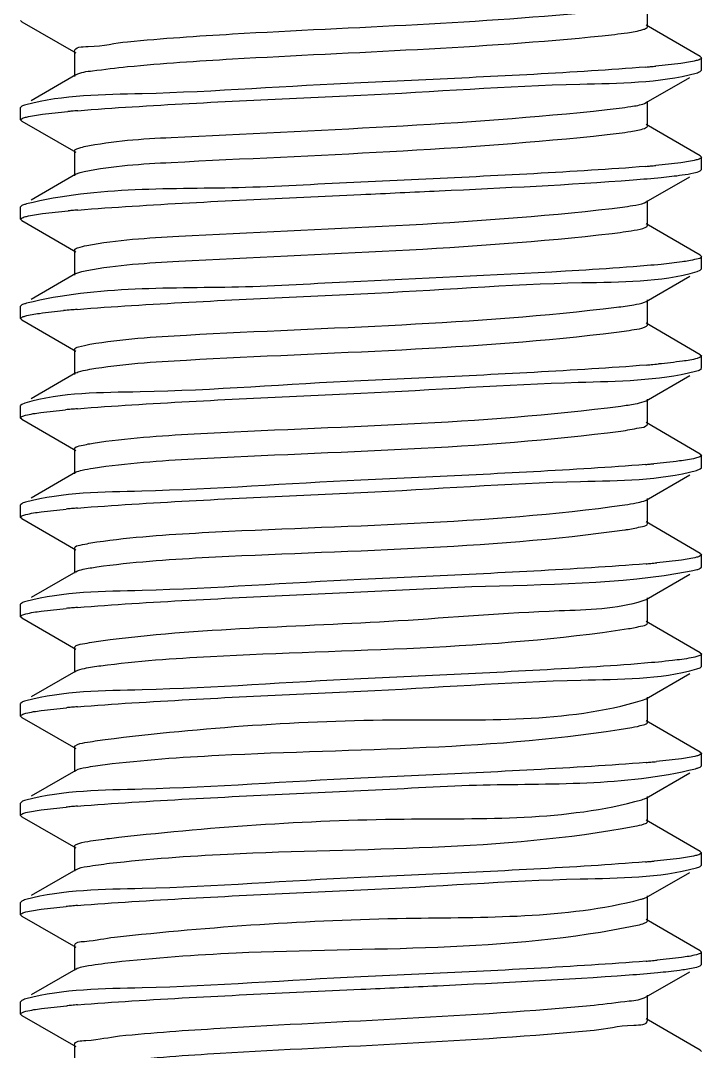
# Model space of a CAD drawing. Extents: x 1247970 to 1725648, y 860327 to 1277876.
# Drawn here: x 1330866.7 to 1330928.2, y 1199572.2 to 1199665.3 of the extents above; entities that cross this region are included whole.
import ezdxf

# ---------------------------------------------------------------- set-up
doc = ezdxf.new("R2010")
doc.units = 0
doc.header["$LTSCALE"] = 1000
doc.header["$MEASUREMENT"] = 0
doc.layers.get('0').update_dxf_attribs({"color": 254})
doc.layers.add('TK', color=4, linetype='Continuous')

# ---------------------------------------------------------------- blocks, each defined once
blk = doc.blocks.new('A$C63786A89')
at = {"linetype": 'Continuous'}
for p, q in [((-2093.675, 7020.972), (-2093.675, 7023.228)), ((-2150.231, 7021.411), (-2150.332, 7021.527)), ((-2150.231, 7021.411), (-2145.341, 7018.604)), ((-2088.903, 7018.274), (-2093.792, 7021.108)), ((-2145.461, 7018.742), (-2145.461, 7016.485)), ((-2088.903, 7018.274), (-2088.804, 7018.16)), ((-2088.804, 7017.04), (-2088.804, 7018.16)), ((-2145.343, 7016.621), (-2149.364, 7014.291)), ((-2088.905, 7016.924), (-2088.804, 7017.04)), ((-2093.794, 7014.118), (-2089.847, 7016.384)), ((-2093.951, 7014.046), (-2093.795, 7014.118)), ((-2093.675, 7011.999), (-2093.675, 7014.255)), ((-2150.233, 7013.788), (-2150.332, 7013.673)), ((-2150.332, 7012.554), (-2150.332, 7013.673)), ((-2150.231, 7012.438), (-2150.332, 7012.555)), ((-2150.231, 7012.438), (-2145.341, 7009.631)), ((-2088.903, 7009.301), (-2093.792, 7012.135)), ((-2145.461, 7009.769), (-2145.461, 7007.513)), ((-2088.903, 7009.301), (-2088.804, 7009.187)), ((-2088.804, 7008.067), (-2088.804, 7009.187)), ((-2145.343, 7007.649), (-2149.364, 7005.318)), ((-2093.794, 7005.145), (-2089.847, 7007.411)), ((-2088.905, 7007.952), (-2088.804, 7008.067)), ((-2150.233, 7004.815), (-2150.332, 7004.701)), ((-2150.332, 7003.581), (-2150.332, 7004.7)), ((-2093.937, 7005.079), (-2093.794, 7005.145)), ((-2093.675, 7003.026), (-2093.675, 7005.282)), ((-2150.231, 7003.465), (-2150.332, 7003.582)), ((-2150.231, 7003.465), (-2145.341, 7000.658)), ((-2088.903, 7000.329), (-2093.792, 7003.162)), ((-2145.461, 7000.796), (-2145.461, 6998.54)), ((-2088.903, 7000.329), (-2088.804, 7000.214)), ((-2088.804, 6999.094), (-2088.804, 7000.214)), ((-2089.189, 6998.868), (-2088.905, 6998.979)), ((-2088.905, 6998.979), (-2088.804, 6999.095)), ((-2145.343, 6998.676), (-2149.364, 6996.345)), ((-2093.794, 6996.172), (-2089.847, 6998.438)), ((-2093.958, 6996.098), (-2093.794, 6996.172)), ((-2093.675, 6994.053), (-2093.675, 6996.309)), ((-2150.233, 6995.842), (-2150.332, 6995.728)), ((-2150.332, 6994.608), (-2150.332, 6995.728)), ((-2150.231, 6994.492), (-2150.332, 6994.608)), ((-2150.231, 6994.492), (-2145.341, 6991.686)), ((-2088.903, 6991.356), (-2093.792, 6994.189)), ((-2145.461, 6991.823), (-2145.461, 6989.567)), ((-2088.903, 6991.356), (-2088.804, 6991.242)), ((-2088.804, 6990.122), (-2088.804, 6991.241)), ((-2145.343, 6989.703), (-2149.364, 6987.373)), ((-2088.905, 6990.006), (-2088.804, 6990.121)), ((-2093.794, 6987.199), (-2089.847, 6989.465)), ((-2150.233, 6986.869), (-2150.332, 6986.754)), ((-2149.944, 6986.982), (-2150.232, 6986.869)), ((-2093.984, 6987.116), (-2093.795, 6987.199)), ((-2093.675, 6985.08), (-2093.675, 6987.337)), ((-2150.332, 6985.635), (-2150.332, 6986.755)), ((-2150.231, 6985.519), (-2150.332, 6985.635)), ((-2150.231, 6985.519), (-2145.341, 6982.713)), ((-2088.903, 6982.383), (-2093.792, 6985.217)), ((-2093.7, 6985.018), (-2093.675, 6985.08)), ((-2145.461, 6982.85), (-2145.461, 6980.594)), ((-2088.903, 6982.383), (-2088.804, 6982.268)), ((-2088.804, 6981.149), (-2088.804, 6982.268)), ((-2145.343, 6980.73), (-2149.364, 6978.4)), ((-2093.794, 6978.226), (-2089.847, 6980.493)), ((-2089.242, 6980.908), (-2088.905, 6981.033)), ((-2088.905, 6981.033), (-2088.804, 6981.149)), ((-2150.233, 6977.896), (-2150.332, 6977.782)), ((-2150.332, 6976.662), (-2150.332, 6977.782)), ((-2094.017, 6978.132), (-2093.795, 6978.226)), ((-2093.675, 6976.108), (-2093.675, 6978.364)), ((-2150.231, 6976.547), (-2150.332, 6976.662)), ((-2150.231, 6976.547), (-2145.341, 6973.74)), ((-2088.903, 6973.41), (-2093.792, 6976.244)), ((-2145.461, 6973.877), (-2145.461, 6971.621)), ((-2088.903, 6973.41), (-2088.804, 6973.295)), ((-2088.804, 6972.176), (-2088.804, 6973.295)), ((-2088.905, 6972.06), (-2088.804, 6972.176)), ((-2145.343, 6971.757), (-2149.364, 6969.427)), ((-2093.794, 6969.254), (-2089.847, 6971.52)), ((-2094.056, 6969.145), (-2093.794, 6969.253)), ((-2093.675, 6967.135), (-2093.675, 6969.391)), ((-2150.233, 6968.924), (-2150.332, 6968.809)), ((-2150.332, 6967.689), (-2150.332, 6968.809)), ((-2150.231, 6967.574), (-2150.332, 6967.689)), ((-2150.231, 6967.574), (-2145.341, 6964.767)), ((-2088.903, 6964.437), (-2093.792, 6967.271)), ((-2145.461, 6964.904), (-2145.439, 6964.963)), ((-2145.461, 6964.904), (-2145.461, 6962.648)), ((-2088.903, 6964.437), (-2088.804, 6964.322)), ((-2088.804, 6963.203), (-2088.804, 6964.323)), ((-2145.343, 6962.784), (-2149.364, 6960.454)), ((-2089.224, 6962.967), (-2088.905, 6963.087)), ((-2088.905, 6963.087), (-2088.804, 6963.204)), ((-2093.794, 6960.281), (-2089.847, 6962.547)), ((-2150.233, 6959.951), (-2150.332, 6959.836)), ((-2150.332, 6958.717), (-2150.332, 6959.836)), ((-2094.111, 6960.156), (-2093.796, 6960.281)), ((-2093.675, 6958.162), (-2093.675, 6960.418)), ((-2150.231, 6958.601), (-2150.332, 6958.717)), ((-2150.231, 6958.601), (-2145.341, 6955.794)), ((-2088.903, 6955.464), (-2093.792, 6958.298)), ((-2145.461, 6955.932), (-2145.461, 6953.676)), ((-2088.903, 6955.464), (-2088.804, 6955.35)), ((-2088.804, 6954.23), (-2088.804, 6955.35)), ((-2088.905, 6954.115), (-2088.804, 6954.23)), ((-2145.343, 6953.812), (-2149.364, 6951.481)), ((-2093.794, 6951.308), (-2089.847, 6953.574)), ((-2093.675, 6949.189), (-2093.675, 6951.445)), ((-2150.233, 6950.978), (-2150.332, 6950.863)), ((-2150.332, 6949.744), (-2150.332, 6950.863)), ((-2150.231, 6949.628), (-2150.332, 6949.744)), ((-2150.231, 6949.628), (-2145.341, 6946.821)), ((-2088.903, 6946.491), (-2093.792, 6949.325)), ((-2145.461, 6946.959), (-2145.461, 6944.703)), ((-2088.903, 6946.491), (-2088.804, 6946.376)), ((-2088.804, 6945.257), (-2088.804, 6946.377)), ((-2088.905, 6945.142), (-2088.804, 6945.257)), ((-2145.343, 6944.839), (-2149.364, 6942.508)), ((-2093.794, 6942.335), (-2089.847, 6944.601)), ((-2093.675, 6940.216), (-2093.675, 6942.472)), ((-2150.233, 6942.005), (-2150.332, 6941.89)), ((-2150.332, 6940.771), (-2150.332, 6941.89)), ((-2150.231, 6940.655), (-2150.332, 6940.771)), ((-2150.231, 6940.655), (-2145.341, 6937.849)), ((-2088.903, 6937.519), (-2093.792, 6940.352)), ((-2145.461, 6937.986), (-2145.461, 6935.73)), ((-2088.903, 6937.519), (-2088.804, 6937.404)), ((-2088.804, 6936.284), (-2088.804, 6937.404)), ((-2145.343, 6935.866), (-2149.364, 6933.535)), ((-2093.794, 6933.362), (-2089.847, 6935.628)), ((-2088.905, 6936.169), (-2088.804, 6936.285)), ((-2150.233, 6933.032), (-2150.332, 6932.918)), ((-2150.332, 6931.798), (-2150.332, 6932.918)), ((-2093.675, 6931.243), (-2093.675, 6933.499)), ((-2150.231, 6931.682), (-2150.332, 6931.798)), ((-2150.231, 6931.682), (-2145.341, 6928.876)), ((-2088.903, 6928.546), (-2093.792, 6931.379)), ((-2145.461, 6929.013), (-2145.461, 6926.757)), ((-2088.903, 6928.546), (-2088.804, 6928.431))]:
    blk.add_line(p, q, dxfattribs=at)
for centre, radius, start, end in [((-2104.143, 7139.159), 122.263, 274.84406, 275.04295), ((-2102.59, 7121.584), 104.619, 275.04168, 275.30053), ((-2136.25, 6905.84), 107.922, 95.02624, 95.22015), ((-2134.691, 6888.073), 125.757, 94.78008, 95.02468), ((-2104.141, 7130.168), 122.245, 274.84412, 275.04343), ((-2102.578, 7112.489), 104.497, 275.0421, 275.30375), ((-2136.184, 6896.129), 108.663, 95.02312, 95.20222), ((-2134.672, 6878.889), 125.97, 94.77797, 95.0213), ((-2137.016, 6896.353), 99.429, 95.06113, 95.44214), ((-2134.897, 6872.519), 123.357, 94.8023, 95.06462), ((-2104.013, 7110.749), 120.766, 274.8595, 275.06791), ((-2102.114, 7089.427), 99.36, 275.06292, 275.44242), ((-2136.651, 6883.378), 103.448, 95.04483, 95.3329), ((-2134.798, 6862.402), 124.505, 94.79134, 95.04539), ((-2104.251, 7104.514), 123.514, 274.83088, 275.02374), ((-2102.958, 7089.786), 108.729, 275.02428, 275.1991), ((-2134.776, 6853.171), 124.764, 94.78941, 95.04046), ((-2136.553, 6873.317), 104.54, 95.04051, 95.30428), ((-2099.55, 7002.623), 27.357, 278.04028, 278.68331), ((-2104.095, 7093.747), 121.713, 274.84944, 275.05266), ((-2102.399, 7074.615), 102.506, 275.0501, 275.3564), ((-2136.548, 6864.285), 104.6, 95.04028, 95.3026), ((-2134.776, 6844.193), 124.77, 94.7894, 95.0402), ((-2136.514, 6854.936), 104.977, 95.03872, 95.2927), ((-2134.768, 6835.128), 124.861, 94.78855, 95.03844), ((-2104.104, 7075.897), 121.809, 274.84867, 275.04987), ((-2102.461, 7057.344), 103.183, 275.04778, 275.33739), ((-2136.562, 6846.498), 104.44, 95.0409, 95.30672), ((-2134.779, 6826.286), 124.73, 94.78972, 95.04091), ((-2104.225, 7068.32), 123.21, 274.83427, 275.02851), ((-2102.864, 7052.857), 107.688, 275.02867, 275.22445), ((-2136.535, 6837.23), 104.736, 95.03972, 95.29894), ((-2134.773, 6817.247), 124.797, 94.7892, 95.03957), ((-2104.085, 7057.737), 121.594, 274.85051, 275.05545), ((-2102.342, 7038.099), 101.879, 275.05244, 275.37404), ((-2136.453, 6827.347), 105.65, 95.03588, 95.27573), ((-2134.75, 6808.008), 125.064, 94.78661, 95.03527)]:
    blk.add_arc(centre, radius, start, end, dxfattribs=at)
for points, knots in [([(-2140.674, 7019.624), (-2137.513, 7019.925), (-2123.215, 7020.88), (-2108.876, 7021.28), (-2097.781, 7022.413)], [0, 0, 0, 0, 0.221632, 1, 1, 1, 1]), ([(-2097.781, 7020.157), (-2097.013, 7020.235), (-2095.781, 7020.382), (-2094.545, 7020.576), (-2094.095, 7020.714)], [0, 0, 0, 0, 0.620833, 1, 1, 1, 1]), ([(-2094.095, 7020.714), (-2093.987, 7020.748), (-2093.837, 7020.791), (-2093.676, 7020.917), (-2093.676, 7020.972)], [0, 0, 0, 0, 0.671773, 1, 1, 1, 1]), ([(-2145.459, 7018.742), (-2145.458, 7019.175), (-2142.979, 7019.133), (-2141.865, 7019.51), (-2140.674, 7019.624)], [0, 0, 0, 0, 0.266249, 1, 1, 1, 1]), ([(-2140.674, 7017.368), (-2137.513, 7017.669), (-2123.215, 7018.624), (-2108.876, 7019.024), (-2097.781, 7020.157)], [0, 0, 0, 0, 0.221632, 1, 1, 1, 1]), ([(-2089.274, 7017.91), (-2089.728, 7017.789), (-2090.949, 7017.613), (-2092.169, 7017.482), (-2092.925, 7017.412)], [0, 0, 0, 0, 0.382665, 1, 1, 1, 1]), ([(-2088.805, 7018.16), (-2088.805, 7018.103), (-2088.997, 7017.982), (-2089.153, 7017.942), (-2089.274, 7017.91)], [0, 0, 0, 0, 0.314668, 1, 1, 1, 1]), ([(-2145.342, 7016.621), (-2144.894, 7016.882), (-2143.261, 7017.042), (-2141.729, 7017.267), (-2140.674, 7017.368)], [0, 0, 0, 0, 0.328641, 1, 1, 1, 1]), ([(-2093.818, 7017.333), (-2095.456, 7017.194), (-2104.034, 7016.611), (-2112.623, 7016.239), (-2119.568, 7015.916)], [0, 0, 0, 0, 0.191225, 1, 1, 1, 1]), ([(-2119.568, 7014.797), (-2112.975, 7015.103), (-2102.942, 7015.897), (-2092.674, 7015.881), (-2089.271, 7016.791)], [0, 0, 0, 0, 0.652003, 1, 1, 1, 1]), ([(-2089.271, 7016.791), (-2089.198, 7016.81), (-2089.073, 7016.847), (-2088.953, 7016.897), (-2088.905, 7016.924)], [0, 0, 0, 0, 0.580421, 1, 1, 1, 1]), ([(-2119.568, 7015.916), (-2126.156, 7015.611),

• **Work order**: Your answer should be the lines of the records that include the word "blocks".

• **Reply to the exercise**:
# ---------------------------------------------------------------- blocks, each defined once
blk = doc.blocks.new('A$C63786A89')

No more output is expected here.